Can you trust recipes from such a skinny man?

No More Running

We bike racers think we’re pretty tough. We are participants in the hardest sport in the world, after all. But when push comes to shove, we’re falling over backwards, flailing around in our cleats. Thinking I was pretty cool I went straight from a very easy last month of the season to three straight days of “cross-training.” A 5 mile run, an hour of speedskating* and a 3 mile downhill trail run later, I could barely walk. No joke. After a couple days of recovery, it was back to destroying my precious reserve of knee cartilage with two consecutive days of running. Two laps in Prospect park only takes about an hour, but despite the pain does not feel at all like exercise. **

@##=#<8,L>@##=#Throw in an mtb ride for some more knee damage***, and my 2007 training season was ready to start, with more pain. By mile 75 of the MS ride I was OTB of the chase group seriously considering whether I should race bikes any more, favoring a very sore knee.

Meanwhile, I’d been stuffing my face since Bear Mountain with cheese, meat, pizza (sometimes two a day) a significant amount of wine, olive oil on my popcorn, Pasta alla Carbonara, ice cream and chocolate. The damage came to about a pound a week, taking my scale near uncharted territory. I’m afraid to use the body fat mode until well into my base.

D and I received the dessert assignment for a dinner party, so I thought I would make Pot du Creme, after recently tasting it at a really good neighborhood restaurant in Philly, Rx . Like the crosstraining, my foray into chocolate pudding did not go well, and we ended up stopping at the bodega for banana split supplies.

It’s one thing to improvise with oil and garlic, but chocolate does not respond to the hubris of the home cook. However, a little careful attention is all it takes master this Pot du Creme recipe. ****

2 cups Heavy Cream

6 oz. Dark Chocolate, semisweet or darker.

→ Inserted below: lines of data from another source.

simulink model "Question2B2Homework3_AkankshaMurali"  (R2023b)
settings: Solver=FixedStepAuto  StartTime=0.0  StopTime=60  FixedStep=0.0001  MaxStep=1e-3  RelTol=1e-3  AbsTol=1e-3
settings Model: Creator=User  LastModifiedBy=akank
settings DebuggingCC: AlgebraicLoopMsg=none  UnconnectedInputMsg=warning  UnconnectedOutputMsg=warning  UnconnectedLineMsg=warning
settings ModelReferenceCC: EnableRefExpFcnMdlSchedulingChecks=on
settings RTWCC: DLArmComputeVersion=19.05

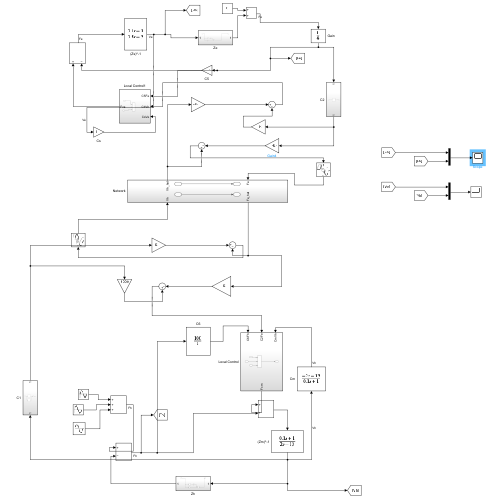
[thumbnail: Simulink's stored preview of the top-level diagram]
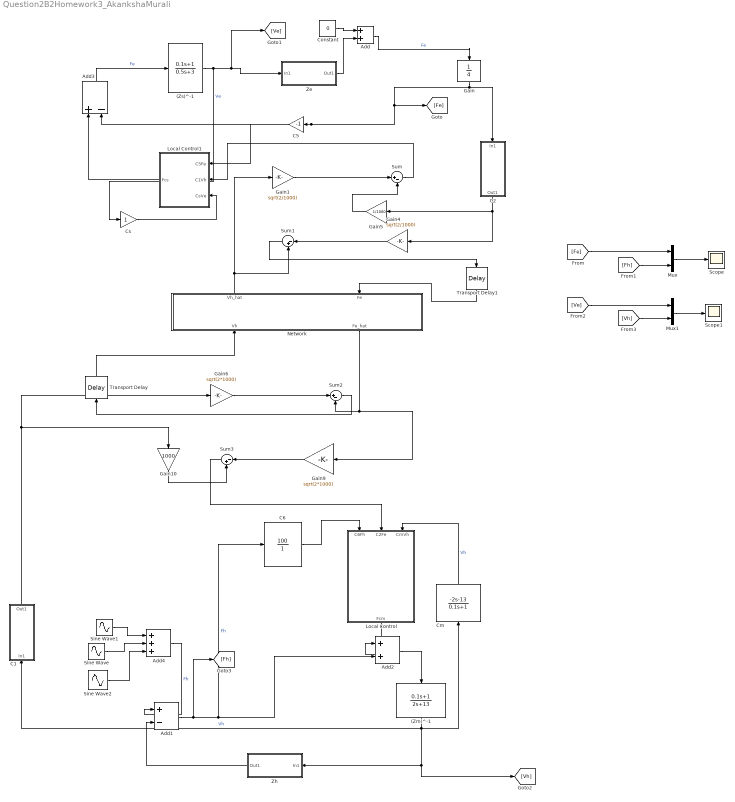
== system Question2B2Homework3_AkankshaMurali ==
  (Zm)^-1 : TransferFcn  Numerator=[0.1 1]  Denominator=[2 13]
  (Zs)^-1 : TransferFcn  Numerator=[0.1 1]  Denominator=[0.5 3]
  Add : Sum
  Add1 : Sum  Inputs=+-
  Add2 : Sum
  Add3 : Sum  Inputs=+-
  Add4 : Sum  Inputs=+++
  C1 : Subsystem
  C2 : Subsystem
  C5 : Gain  Gain=-1
  C6 : TransferFcn  Numerator=100  Denominator=1
  Cm : TransferFcn  Numerator=[-2 -13]  Denominator=[0.1 1]
  Constant : Constant  Value=0
  Cs : Gain
  Gain : TransferFcn  Numerator=1  Denominator=4
  Gain1 : Gain  Gain=sqrt(2/1000)
  Gain10 : Gain  Gain=1000
  Gain4 : Gain  Gain=sqrt(2/1000)
  Gain5 : Gain  Gain=1/1000
  Gain6 : Gain  Gain=sqrt(2*1000)
  Gain9 : Gain  Gain=sqrt(2*1000)
  Local Control : Subsystem
  Local Control1 : Subsystem
  Mux : Mux  Inputs=2
  Mux1 : Mux  Inputs=2
  Network : Subsystem
      settings: PortSchema="{\"entries\":[{\"content\":{\"sides\":[{\"content\":{\"connectorIds\":[\"Out2\",\"In1\"]},\"type\":\"ConnectorPlacement.EquallySpacedRectSide\",\"uuid\":\"46bbfd41-33ef-440b-a65b-3d407180442b\"},{\"content\":{\"connectorIds\":[\"In2\",\"Out1\"],\"side\":\"RIGHT\"},\"type\":\"ConnectorPlacement.EquallySpacedRectSide\",\"uuid\":\"e27f84dc-76da-44d4-b7d0-ad60a0198264\"},{\"content\":{\"connectorIds\":[],\"side\":\"TOP\"},\"type\":\"ConnectorPlacement.EquallySpacedRectSide\",\"uuid\":\"07067cb4-36f5-4d3d-827d-325a954000b1\"}]},\"type\":\"ConnectorPlacement.EquallySpacedConnector\",\"uuid\":\"c9856282-a0fe-4e0c-bbb9-ed49bb6b2e93\"}],\"packageUris\":[\"http://schema.mathworks.com/mf0/Connector/19700101\"],\"version\":\"1.0\"}"
  Scope : Scope
  Scope1 : Scope
  Sine Wave : Sin  Amplitude=20  Frequency=2  Phase=pi/2  SampleTime=0
  Sine Wave1 : Sin  Amplitude=20  SampleTime=0
  Sine Wave2 : Sin  Amplitude=20  Frequency=10  SampleTime=0
  Sum : Sum  Inputs=|+-
  Sum1 : Sum  Inputs=|-+
  Sum2 : Sum  Inputs=|+-
  Sum3 : Sum  Inputs=|-+
  Transport Delay : TransportDelay  DelayTime=0.1
  Transport Delay1 : TransportDelay  DelayTime=0.1
  Ze : Subsystem
  Zh : Subsystem
  wires:
  Ze/1(Out1) -> Add/2
  Add/1 -> Gain/1  "Fe"
  (Zm)^-1/1 -> Zh/1(In1), [Vh], C1/1(In1), Cm/1  "Vh"
  Cm/1 -> Local Control/3(CmVh)  "Vh"
  Zh/1(Out1) -> Add1/2
  Add1/1 -> C6/1, Add2/2, [Fh]  "Fh"
  C6/1 -> Local Control/1(C6Fh)
  Local Control/1(Fcm) -> Add2/1
  Add2/1 -> (Zm)^-1/1
  C5/1 -> Local Control1/1(C5Fe)
  Local Control1/1(Fcs) -> Add3/1
  Add3/1 -> (Zs)^-1/1  "Fe"
  (Zs)^-1/1 -> [Ve], Ze/1(In1), Cs/1  "Ve"
  Cs/1 -> Local Control1/3(CsVe)
  [Fe] -> Mux/1
  [Fh] -> Mux/2
  [Vh] -> Mux1/2
  [Ve] -> Mux1/1
  Sine Wave/1 -> Add4/2
  Sine Wave1/1 -> Add4/1
  Add4/1 -> Add1/1  "Fh"
  Mux1/1 -> Scope1/1
  Mux/1 -> Scope/1
  Constant/1 -> Add/1
  Sine Wave2/1 -> Add4/3
  Transport Delay1/1 -> Network/1(Fe)
  Transport Delay/1 -> Network/2(Vh)
  Sum2/1 -> Transport Delay/1
  Sum3/1 -> Local Control/2(C2Fe)
  Gain1/1 -> Sum/1
  Gain4/1 -> Sum1/1
  Network/2(Vh_hat) -> Sum1/2, Gain1/1
  Sum/1 -> Local Control1/2(C1Vh)
  Gain5/1 -> Sum/2
  Sum1/1 -> Transport Delay1/1
  Gain/1 -> C5/1, Add3/2, [Fe], C2/1(In1)
  Gain9/1 -> Sum3/1
  Gain6/1 -> Sum2/1
  Gain10/1 -> Sum3/2
  C2/1(Out1) -> Gain4/1, Gain5/1
  C1/1(Out1) -> Gain6/1, Gain10/1
  Network/1(Fe_hat) -> Gain9/1, Sum2/2

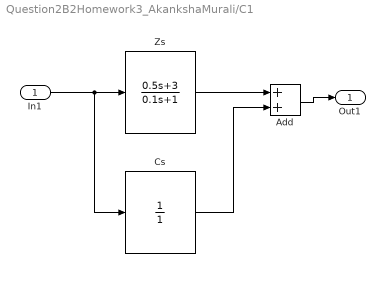
== system Question2B2Homework3_AkankshaMurali/C1 ==
  In1 : Inport
  Add : Sum
  Cs : TransferFcn  Numerator=1  Denominator=1
  Zs : TransferFcn  Numerator=[0.5 3]  Denominator=[0.1 1]
  Out1 : Outport
  wires:
  In1/1 -> Cs/1, Zs/1
  Cs/1 -> Add/2
  Zs/1 -> Add/1
  Add/1 -> Out1/1

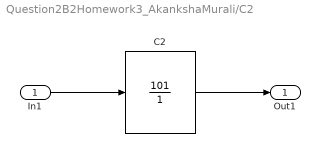
== system Question2B2Homework3_AkankshaMurali/C2 ==
  In1 : Inport
  C2 : TransferFcn  Numerator=101  Denominator=1
  Out1 : Outport
  wires:
  In1/1 -> C2/1
  C2/1 -> Out1/1

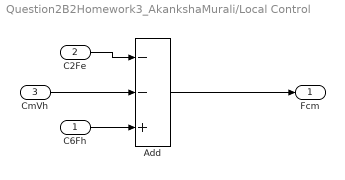
== system Question2B2Homework3_AkankshaMurali/Local Control ==
  C6Fh : Inport
  C2Fe : Inport  Port=2
  CmVh : Inport  Port=3
  Add : Sum  Inputs=--+
  Fcm : Outport
  wires:
  C2Fe/1 -> Add/1
  CmVh/1 -> Add/2
  C6Fh/1 -> Add/3
  Add/1 -> Fcm/1

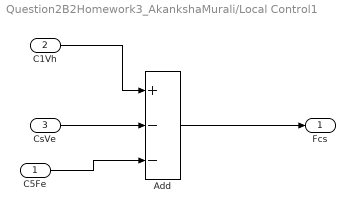
== system Question2B2Homework3_AkankshaMurali/Local Control1 ==
  C5Fe : Inport
  C1Vh : Inport  Port=2
  CsVe : Inport  Port=3
  Add : Sum  Inputs=+--
  Fcs : Outport
  wires:
  C5Fe/1 -> Add/3
  CsVe/1 -> Add/2
  C1Vh/1 -> Add/1
  Add/1 -> Fcs/1

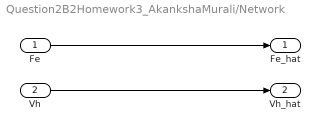
== system Question2B2Homework3_AkankshaMurali/Network ==
  Fe : Inport
  Vh : Inport  Port=2
  Fe_hat : Outport
  Vh_hat : Outport  Port=2
  wires:
  Fe/1 -> Fe_hat/1
  Vh/1 -> Vh_hat/1

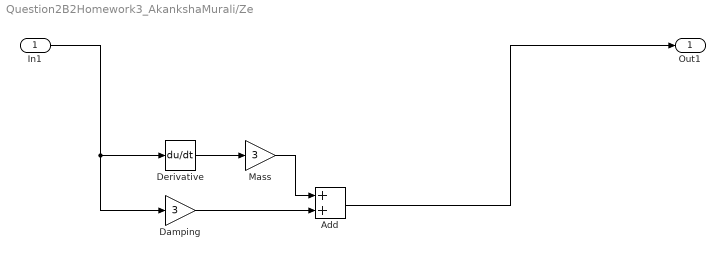
== system Question2B2Homework3_AkankshaMurali/Ze ==
  In1 : Inport
  Add : Sum
  Damping : Gain  Gain=3
  Derivative : Derivative
  Mass : Gain  Gain=3
  Out1 : Outport
  wires:
  Damping/1 -> Add/2
  Mass/1 -> Add/1
  In1/1 -> Damping/1, Derivative/1
  Derivative/1 -> Mass/1
  Add/1 -> Out1/1

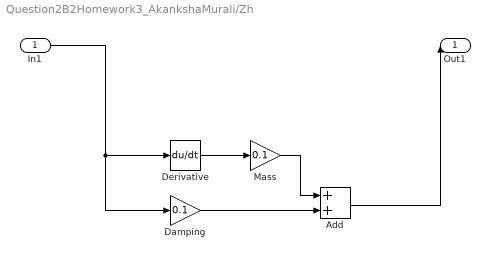
== system Question2B2Homework3_AkankshaMurali/Zh ==
  In1 : Inport
  Add : Sum
  Damping : Gain  Gain=0.1
  Derivative : Derivative
  Mass : Gain  Gain=0.1
  Out1 : Outport
  wires:
  In1/1 -> Damping/1, Derivative/1
  Derivative/1 -> Mass/1
  Damping/1 -> Add/2
  Mass/1 -> Add/1
  Add/1 -> Out1/1

6 Egg Yolks, lightly beaten

1/3 cup Sugar, or more or less to taste

1 teaspoon Vanilla Extract, or one Vanilla Bean

1 tiny pinch Cayenne Pepper, optional

1 slightly less tiny pinch Cinnamon, optional

Whipped Cream

If you’re using the vanilla bean, and you should, split it lengthwise and scrape the seeds out. Put the pod, seeds, sugar and cream into a small heavy saucepan and bring to the verge of boiling. Remove the pods, turn off the heat, and stir in the chocolate until it’s thoroughly melted and blended in.

While stirring the yolks slowly pour in about 1/4 cup of the chocolate cream, then pour it all back into the cream, stirring the whole time. A third hand can be helpful here. If you’re using vanilla extract, stir it in now. Add more sugar now if it’s not sweet enough, but don’t make it too sweet.

Pour the pudding into 6 small oven-safe bowls or cups, cover with foil, and put them in a baking dish. Fill the dish with hot water to reach about halfway up the bowls. Place it all in a 300 degree oven for 20 minutes. Unwrap one bowl and give it a shake. If the pudding has set on the edges but is still liquid in the middle, you’re done. If not cook 5 minutes more and check again. Cooking time will vary depending on the size of your bowls/cups. When set leave the bowls in the hot water for about 30 minutes, then unwrap and stick them in the fridge. Once cool, wrap tightly in plastic wrap. Don’t forget or a tough film will develop on top.

The Pot du Creme will firm up once cold, but they’re also nice at room temperature or slightly warm. Serve with whipped cream.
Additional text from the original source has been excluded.